Resolving the simple equations that emerge from these reasonings, we find that α=2 and β=1 are probably good prior assumptions.
With that, if we run our model, we get the next results:
Team | Games Played | Total Goals | Posterior Mean (λ) | Posterior Std | Observed Mean | Luck (Obs – Post) |
---|---|---|---|---|---|---|
Team A | 10 | 14 | 1.45 | 0.36 | 1.40 | −0.05 |
Team D | 10 | 13 | 1.36 | 0.35 | 1.30 | −0.06 |
Team E | 10 | 12 | 1.27 | 0.34 | 1.20 | −0.07 |
Team F | 10 | 10 | 1.09 | 0.31 | 1.00 | −0.09 |
Team B | 10 | 9 | 1.00 | 0.30 | 0.90 | −0.10 |
Team C | 10 | 9 | 1.00 | 0.30 | 0.90 | −0.10 |
How do we interpret them?
- All teams slightly underperformed their posterior expectations — common in short seasons due to variance.
- Team B and Team C had the biggest negative “luck” gap: their actual scoring was 0.10 goals per game lower than the Bayesian estimate.
- Team A was closest to its predicted strength — the most “neutral luck” team.
This was a fake example using fake data, but I bet you can already sense its power.
Let’s now check some historical randomness moments in the world of sports.
Famous Randomness Moments
Any NBA fan remembers the 2016 Finals. It’s game 7, Cleveland play at Warriors’, and they’re tied at 89 with less than a minute left. Kyrie Irving faces Stephen Curry and hits a memorable, clutch 3. Then, the Cavaliers win the Finals.
Was this skill or luck? Kyrie is a top player, and probably a good shooter too. But with the opposition he had, the time and scoreboard pressure… We simply can’t know which one was it.
Moving now to football, we focus now on the 2019 Champions League semis, Liverpool vs Barcelona. This one is personally hurtful. Barça won the first leg at home 3-0, but lost 4-0 at Liverpool in the second leg, giving the reds the option to advance to the final.
Liverpool’s overperformance? Or an statistical anomaly?
One last example: NFL coin toss OT wins. The entire playoff outcomes are decided by a 50/50 simple scenario where the coin (luck) has all the power to decide.
What if we could remove luck?
Can we remove luck? The answer is a clear NO.
Yet, why are so many of us trying to? For professionals it’s clear: this uncertainty affects performance. The more control we can have over everything, the more we can optimize our methods and strategies.
More certainty (less luck), means more money.
And we’re rightfully doing so: luck isn’t removable but we can diminish it. That’s why we build complex xG models, or we build betting models with probabilistic reasoning.

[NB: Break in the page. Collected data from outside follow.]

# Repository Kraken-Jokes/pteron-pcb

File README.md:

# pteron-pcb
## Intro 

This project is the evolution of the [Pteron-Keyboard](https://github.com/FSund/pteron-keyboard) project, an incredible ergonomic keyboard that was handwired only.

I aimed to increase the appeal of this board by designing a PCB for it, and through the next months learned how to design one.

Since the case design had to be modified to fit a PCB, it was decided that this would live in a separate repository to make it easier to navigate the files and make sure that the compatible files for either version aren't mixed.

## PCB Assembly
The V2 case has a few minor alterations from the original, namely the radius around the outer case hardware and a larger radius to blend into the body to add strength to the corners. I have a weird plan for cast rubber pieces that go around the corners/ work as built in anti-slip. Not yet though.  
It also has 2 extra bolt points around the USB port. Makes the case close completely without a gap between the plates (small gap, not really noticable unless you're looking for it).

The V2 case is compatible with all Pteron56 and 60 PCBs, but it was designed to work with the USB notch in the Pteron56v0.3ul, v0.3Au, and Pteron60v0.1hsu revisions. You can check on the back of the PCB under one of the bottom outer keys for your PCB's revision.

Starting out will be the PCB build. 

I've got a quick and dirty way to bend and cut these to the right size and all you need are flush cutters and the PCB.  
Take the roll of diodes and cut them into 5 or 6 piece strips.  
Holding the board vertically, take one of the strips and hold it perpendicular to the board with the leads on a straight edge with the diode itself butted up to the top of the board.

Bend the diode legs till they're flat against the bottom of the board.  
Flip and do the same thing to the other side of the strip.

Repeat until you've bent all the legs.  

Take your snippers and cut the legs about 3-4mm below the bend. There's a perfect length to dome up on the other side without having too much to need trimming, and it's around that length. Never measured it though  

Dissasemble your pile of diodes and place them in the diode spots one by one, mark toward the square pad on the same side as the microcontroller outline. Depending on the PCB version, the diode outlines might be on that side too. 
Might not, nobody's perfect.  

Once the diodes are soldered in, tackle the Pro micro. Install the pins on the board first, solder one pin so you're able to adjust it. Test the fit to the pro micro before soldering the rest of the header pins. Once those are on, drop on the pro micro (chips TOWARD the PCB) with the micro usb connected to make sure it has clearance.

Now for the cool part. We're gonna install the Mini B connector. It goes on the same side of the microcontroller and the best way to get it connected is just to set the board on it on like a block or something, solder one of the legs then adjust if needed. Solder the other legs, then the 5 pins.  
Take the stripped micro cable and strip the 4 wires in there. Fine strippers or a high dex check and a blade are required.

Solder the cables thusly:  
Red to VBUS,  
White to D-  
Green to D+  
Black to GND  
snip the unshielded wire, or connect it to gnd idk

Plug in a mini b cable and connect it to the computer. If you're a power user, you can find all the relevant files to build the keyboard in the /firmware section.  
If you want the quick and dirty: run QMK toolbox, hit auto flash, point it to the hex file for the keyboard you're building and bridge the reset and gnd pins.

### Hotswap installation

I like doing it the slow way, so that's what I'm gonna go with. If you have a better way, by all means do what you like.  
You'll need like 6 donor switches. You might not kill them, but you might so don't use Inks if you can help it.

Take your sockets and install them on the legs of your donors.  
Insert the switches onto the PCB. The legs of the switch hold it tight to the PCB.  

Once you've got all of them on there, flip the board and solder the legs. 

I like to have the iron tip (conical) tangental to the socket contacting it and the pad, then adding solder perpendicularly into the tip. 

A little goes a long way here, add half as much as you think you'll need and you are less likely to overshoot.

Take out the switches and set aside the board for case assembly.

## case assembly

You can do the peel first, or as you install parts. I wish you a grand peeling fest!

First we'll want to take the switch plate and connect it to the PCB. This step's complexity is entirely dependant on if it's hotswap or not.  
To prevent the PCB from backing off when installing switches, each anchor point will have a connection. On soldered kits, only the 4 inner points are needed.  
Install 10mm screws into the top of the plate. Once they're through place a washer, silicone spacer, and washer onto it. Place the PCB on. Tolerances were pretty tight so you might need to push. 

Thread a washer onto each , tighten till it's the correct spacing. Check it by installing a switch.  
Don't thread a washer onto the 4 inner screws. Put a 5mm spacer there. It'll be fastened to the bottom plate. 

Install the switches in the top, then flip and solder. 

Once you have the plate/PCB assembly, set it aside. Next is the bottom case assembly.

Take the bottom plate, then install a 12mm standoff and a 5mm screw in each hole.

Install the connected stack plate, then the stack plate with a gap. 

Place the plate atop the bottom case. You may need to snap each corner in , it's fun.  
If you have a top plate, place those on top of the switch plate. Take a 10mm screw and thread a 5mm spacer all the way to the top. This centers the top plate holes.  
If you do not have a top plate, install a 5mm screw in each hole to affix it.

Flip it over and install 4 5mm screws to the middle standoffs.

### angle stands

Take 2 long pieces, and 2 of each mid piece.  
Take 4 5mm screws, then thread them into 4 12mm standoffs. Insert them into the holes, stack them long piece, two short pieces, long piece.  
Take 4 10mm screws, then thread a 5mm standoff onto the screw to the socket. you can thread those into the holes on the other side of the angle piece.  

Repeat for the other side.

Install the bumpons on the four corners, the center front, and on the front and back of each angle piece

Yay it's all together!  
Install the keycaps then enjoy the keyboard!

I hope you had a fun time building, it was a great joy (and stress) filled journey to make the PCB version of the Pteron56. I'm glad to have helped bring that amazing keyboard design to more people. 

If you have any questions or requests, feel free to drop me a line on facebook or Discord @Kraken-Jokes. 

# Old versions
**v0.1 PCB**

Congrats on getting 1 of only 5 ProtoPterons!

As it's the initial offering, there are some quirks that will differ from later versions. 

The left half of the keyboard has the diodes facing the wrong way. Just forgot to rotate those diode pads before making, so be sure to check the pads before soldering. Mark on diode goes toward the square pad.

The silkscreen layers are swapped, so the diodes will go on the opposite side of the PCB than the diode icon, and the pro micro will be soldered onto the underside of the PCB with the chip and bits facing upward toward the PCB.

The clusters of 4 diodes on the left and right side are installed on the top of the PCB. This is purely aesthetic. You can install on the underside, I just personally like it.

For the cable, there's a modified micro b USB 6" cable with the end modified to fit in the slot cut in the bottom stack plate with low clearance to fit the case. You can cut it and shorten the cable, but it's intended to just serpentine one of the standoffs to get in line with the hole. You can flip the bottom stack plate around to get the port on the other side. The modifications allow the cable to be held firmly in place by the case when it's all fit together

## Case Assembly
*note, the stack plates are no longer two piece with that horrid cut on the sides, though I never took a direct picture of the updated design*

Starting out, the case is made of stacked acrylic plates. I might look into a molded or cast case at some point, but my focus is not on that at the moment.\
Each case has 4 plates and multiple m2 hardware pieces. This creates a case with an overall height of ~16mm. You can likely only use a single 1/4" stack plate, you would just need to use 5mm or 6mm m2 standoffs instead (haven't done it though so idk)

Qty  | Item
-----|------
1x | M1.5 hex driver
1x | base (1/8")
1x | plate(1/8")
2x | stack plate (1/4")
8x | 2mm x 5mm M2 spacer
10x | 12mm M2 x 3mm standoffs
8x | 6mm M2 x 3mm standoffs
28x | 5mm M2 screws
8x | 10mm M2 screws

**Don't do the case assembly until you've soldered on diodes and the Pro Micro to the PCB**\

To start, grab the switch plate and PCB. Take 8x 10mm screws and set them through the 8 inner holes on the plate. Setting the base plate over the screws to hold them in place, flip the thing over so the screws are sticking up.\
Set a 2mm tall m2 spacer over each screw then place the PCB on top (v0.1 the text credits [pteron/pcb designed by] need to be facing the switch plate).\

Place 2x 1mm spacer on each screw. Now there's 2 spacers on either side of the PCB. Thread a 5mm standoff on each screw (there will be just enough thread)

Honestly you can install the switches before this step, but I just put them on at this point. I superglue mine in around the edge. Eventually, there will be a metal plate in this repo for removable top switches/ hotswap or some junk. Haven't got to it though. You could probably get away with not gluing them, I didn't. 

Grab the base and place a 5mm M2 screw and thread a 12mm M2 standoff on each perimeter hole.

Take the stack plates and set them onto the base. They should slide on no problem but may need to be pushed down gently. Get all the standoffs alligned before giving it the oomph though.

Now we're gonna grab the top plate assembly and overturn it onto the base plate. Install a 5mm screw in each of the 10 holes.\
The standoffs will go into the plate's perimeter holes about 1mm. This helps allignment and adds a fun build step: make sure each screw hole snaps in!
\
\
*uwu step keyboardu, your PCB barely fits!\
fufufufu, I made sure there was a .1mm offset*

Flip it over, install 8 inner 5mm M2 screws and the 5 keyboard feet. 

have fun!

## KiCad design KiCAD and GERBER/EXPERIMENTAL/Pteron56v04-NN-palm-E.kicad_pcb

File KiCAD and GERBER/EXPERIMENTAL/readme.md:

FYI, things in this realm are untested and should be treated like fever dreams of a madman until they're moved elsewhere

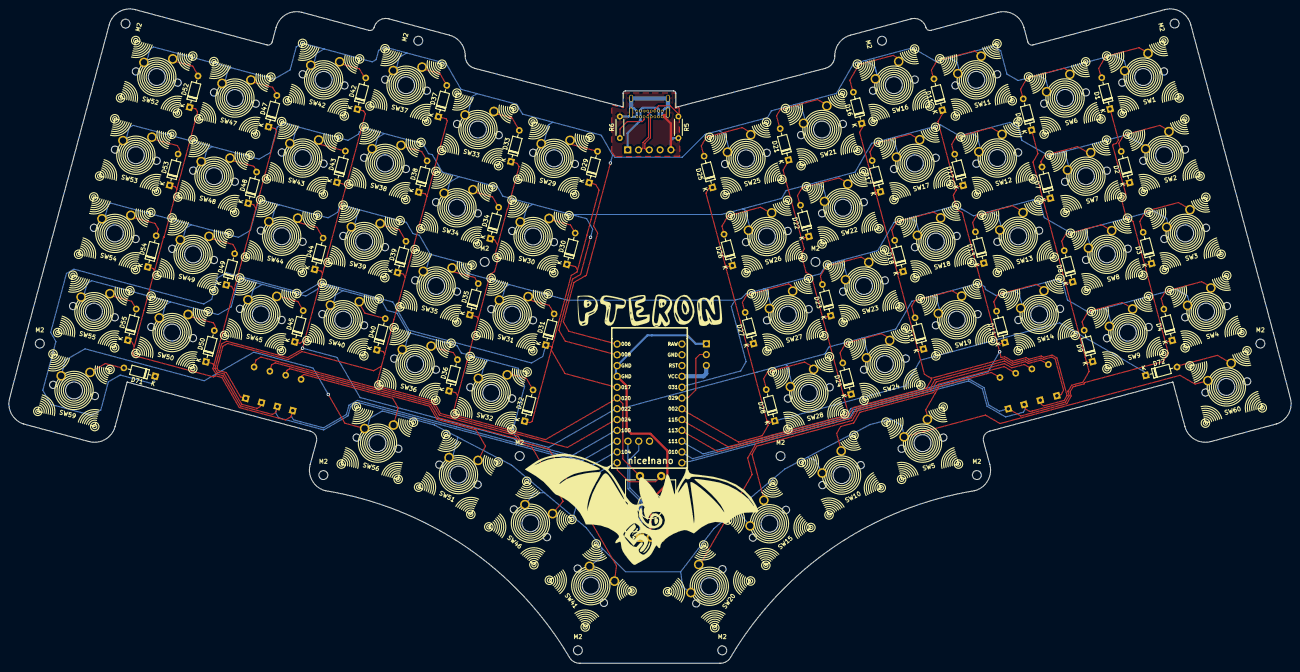
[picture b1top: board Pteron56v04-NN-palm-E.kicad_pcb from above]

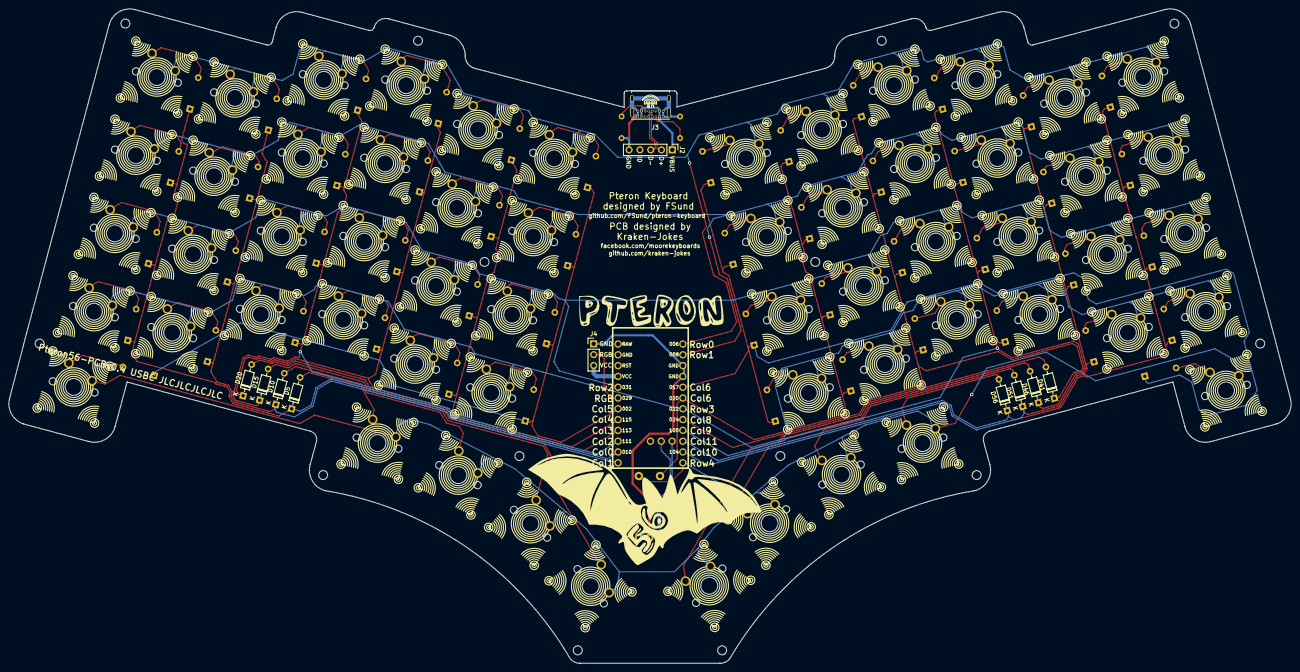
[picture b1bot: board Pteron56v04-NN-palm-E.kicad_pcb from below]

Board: 2 copper layers, 301.7 x 154.0 mm, 137 parts (11 on the bottom side), 86 nets.

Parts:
D1, D2, D3, D4, D5, D6, D7, D8, D9, D10, D11, D12, D13, D14, D15, D16, D17, D18, D19, D20, D21, D22, D23, D24, D25, D26, D27, D28, D29, D30, D31, D32, D33, D34, D35, D36, D37, D38, D39, D40, D41, D42, D43, D44, D45, D46, D47, D48, D49, D50, D51, D52, D53, D54, D55, D56, D71, D72: 1N4148; D_DO-35_SOD27_P7.62mm_Horizontal
J2: Conn_01x05_Female; USB_5POS_header
J3: USB_C_Receptacle_USB2.0; GCT_USB4085-GF-A_REVA
J4: Conn_01x03; PinHeader_1x03_P2.54mm_Vertical
M2, M2#2, M2#3, M2#4, M2#5, M2#6, M2#7, M2#8, M2#9, M2#10, M2#11, M2#12, M2#13, M2#14: MountingHole_2.1mm
R5, R6: 5.1k; R_Axial_DIN0204_L3.6mm_D1.6mm_P5.08mm_Horizontal
SW1, SW2, SW3, SW4, SW5, SW6, SW7, SW8, SW9, SW10, SW11, SW12, SW13, SW14, SW15, SW16, SW17, SW18, SW19, SW20, SW21, SW22, SW23, SW24, SW25, SW26, SW27, SW28, SW29, SW30, SW31, SW32, SW33, SW34, SW35, SW36, SW37, SW38, SW39, SW40, SW41, SW42, SW43, SW44, SW45, SW46, SW47, SW48, SW49, SW50, SW51, SW52, SW53, SW54, SW55, SW56, SW59, SW60: SW_PUSH; SW_MX_Millmax1,524
SW58: Rotary_Encoder_Switch; RotaryEncoder_EC11
U3: nice_nano

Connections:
/Col0: D1.1, D2.1, D3.1, D4.1, D5.1, U3.14
/Col1: D6.1, D7.1, D8.1, D9.1, D10.1, U3.13
/Col2: D11.1, D12.1, D13.1, D14.1, D15.1, U3.15
/Col3: D16.1, D17.1, D18.1, D19.1, D20.1, U3.16
/Col4: D21.1, D22.1, D23.1, D24.1, U3.17
/Col5: D25.1, D26.1, D27.1, D28.1, D72.1, U3.18
/Col6: D29.1, D30.1, D31.1, D32.1, D71.1, U3.5
/Col8: D37.1, D38.1, D39.1, D40.1, D41.1, U3.8
/Col9: D42.1, D43.1, D44.1, D45.1, D46.1, U3.9
/Col10: D47.1, D48.1, D49.1, D50.1, D51.1, U3.11
/Col11: D52.1, D53.1, D54.1, D55.1, D56.1, U3.10
/Row0: SW1.1, SW6.1, SW11.1, SW16.1, SW21.1, SW25.1, SW29.1, SW33.1, SW37.1, SW42.1, SW47.1, SW52.1, U3.1
/Row1: SW2.1, SW7.1, SW12.1, SW17.1, SW22.1, SW26.1, SW30.1, SW34.1, SW38.1, SW43.1, SW48.1, SW53.1, U3.2
/Row2: SW3.1, SW8.1, SW13.1, SW18.1, SW23.1, SW27.1, SW31.1, SW35.1, SW39.1, SW44.1, SW49.1, SW54.1, U3.20
/Row3: SW4.1, SW9.1, SW14.1, SW19.1, SW24.1, SW28.1, SW32.1, SW36.1, SW40.1, SW45.1, SW50.1, SW55.1, U3.7
Col7: D33.1, D34.1, D35.1, D36.1, SW58.S2, U3.6
D+: J2.2, J3.A6, J3.B6
D-: J2.3, J3.A7, J3.B7
EncA: SW58.A, U3.31
EncB: SW58.B, U3.32
GND: J4.1, SW58.C, U3.3, U3.4
unnamed: D1.2, SW1.2
unnamed: D2.2, SW2.2
unnamed: D3.2, SW3.2
unnamed: D4.2, SW4.2
unnamed: D5.2, SW5.2
unnamed: D6.2, SW6.2
unnamed: D7.2, SW7.2
unnamed: D8.2, SW8.2
unnamed: D9.2, SW9.2
unnamed: D10.2, SW10.2
unnamed: D11.2, SW11.2
unnamed: D12.2, SW12.2
unnamed: D13.2, SW13.2
unnamed: D14.2, SW14.2
unnamed: D15.2, SW15.2
unnamed: D16.2, SW16.2
unnamed: D17.2, SW17.2
unnamed: D18.2, SW18.2
unnamed: D19.2, SW19.2
unnamed: D20.2, SW20.2
unnamed: D21.2, SW21.2
unnamed: D22.2, SW22.2
unnamed: D23.2, SW23.2
unnamed: D24.2, SW24.2
unnamed: D25.2, SW25.2
unnamed: D26.2, SW26.2
unnamed: D27.2, SW27.2
unnamed: D28.2, SW28.2
unnamed: D29.2, SW29.2
unnamed: D30.2, SW30.2
unnamed: D31.2, SW31.2
unnamed: D32.2, SW32.2
unnamed: D33.2, SW33.2
unnamed: D34.2, SW34.2
unnamed: D35.2, SW35.2
unnamed: D36.2, SW36.2
unnamed: D37.2, SW37.2
unnamed: D38.2, SW38.2
unnamed: D39.2, SW39.2
unnamed: D40.2, SW40.2
unnamed: D41.2, SW41.2
unnamed: D42.2, SW42.2
unnamed: D43.2, SW43.2
unnamed: D44.2, SW44.2
unnamed: D45.2, SW45.2
unnamed: D46.2, SW46.2
unnamed: D47.2, SW47.2
unnamed: D48.2, SW48.2
unnamed: D49.2, SW49.2
unnamed: D50.2, SW50.2
unnamed: D51.2, SW51.2
unnamed: D52.2, SW52.2
unnamed: D53.2, SW53.2
unnamed: D54.2, SW54.2
unnamed: D55.2, SW55.2
unnamed: D56.2, SW56.2
unnamed: D71.2, SW59.2
unnamed: D72.2, SW60.2
unnamed: J3.A5, R6.1
unnamed: J3.B5, R5.1
RGB: J4.2, U3.19
Row4: SW5.1, SW10.1, SW15.1, SW20.1, SW41.1, SW46.1, SW51.1, SW56.1, SW58.S1, SW59.1, SW60.1, U3.12
USB0: J2.1, J3.A4, J3.A9, J3.B4, J3.B9
USBG: J2.5, J3.A1, J3.A12, J3.B1, J3.B12, J3.S1, R5.2, R6.2
VCC: J4.3, U3.21

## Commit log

2021-04-05 Firmware files
2021-04-05 Adding PCB files.
    Pteron56v0.2 fixes issues over 0.1. See changelog for deets
2021-04-05 Create changelog
2021-04-06 Images folder with images!
    Pics of the v0.1 PCB build
2021-04-06 case 2d images
    PNG of pteron56pcb_bubble case assets.svg
2021-04-06 renamed images
2021-04-06 SVG case files
    SVG case files
2021-04-06 Update changelog
    edited L9, flipped diode direction
2021-04-06 Update README.md
    Adding images and syntax/ clarity
2021-04-07 Add files via upload
    Build steps for the readme
2021-04-07 Update README.md
    Adding build images and clarity after actually piecing a kit together
2021-04-13 Update README.md
    Added PCB assy section
2021-04-14 Add files via upload
    zoom of PCB proposing proper PM placement
2021-04-15 Add files via upload
    Crappy drawing of how I intended the cable to go
2021-05-03 Angled stand and compatible stack plate
2021-05-03 Rename angle_stand.md to angle stand preview.md
2021-08-05 Rename Case files/Switch Plate.dxf to Case files/Old Version/Switch Plate.dxf
2021-08-05 Rename Case files/Stack Plate.dxf to Case files/Old Version/Stack Plate.dxf
2021-08-05 Rename Case files/Base Plate.dxf to Case files/Old Version/Base Plate.dxf
2021-08-05 Rename Case files/Pteron56pcb_bubble case assets.svg to Case files/Old Version/Pteron56pcb_bubble case assets.svg
2021-08-05 removing old version
    updated to the v0.2 with usb breakout
2021-08-07 moving to old versions
2021-08-07 Current version
2021-08-07 Updated to match current verison
2021-09-02 build steps v2 case
2021-09-03 Updated new version instructions
2021-09-22 Reuploading
2021-09-22 Pteron_60 firmware files
2021-09-22 Added .hex files for flashing
    ATMEGA 32u4 ONLY!
2021-11-24 Fixed URL for pteron keeb repo.
2021-11-28 Passthrough USB-C
    -Changed the Mini-B port to a USB-C one.
    -Aesthetic track rerouting.
    -Changed mounting hole size to 2.1mm
2021-12-03 Create EXPERIMENTAL
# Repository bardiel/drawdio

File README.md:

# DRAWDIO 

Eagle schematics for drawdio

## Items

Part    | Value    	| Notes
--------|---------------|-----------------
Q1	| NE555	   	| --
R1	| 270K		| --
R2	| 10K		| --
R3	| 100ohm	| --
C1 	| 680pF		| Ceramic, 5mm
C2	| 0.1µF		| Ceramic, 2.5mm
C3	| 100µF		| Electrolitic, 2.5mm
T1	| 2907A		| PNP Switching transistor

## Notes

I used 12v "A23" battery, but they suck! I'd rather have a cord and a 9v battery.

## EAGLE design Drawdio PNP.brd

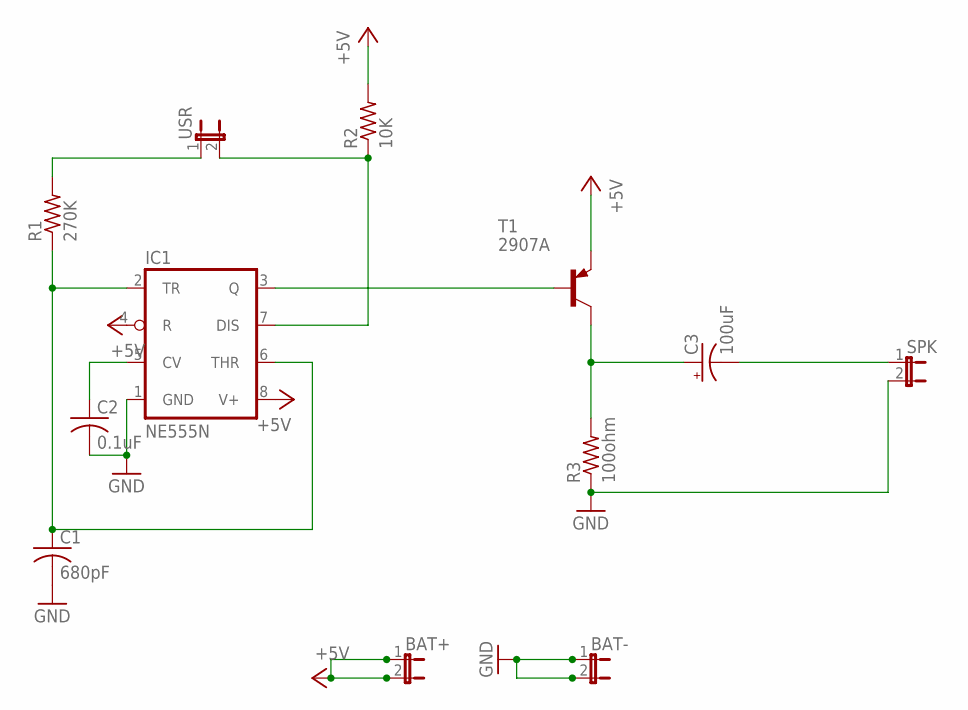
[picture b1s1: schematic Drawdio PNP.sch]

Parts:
BAT+: JP1E; JP1
BAT-: JP1E; JP1
C1: 680pF; C025-025X050
C2: 0.1uF; C050-025X075
C3: 100uF; E2,5-5
IC1: NE555N; DIL08
R1: 270K; 0204/7
R2: 10K; 0204/7
R3: 100ohm; 0204/7
SPK: JP1E; JP1
T1: 2907A; TO92-CBE
USR: JP1E; JP1

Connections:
+5V: BAT+.1, BAT+.2, IC1.4 (R), IC1.8 (V+), R2.2, T1.E
GND: BAT-.1, BAT-.2, C1.2, C2.2, IC1.1 (GND), R3.1, SPK.2
unnamed: R1.2, USR.1
unnamed: IC1.7 (DIS), R2.1, USR.2
unnamed: IC1.3 (Q), T1.B
unnamed: C1.1, IC1.2 (TR), IC1.6 (THR), R1.1
unnamed: C3.+, R3.2, T1.C
unnamed: C3.-, SPK.1
unnamed: C2.1, IC1.5 (CV)

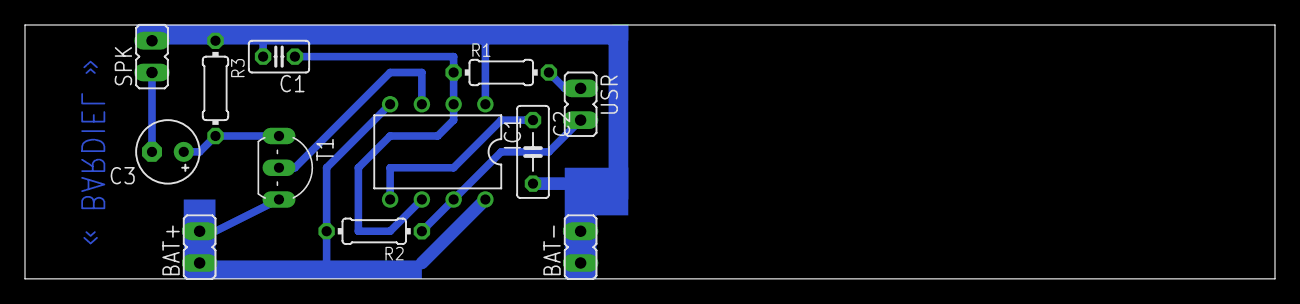
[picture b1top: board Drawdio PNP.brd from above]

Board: 2 copper layers, 100.0 x 20.3 mm, 12 parts (0 on the bottom side), 9 nets.

But sports are meant to be unpredictable. That’s what makes them thrilling for the spectator. Most wouldn’t watch a game if we already knew the result.
Final Thoughts
Today we had the opportunity to talk about the role of luck in sports, which is massive. Understanding it could help fans avoid overreacting. But it could also help scouting and team management, or inform smarter betting or fantasy league decisions.
All in all, we must know that the best team doesn’t always win, but data can tell us how often they should have.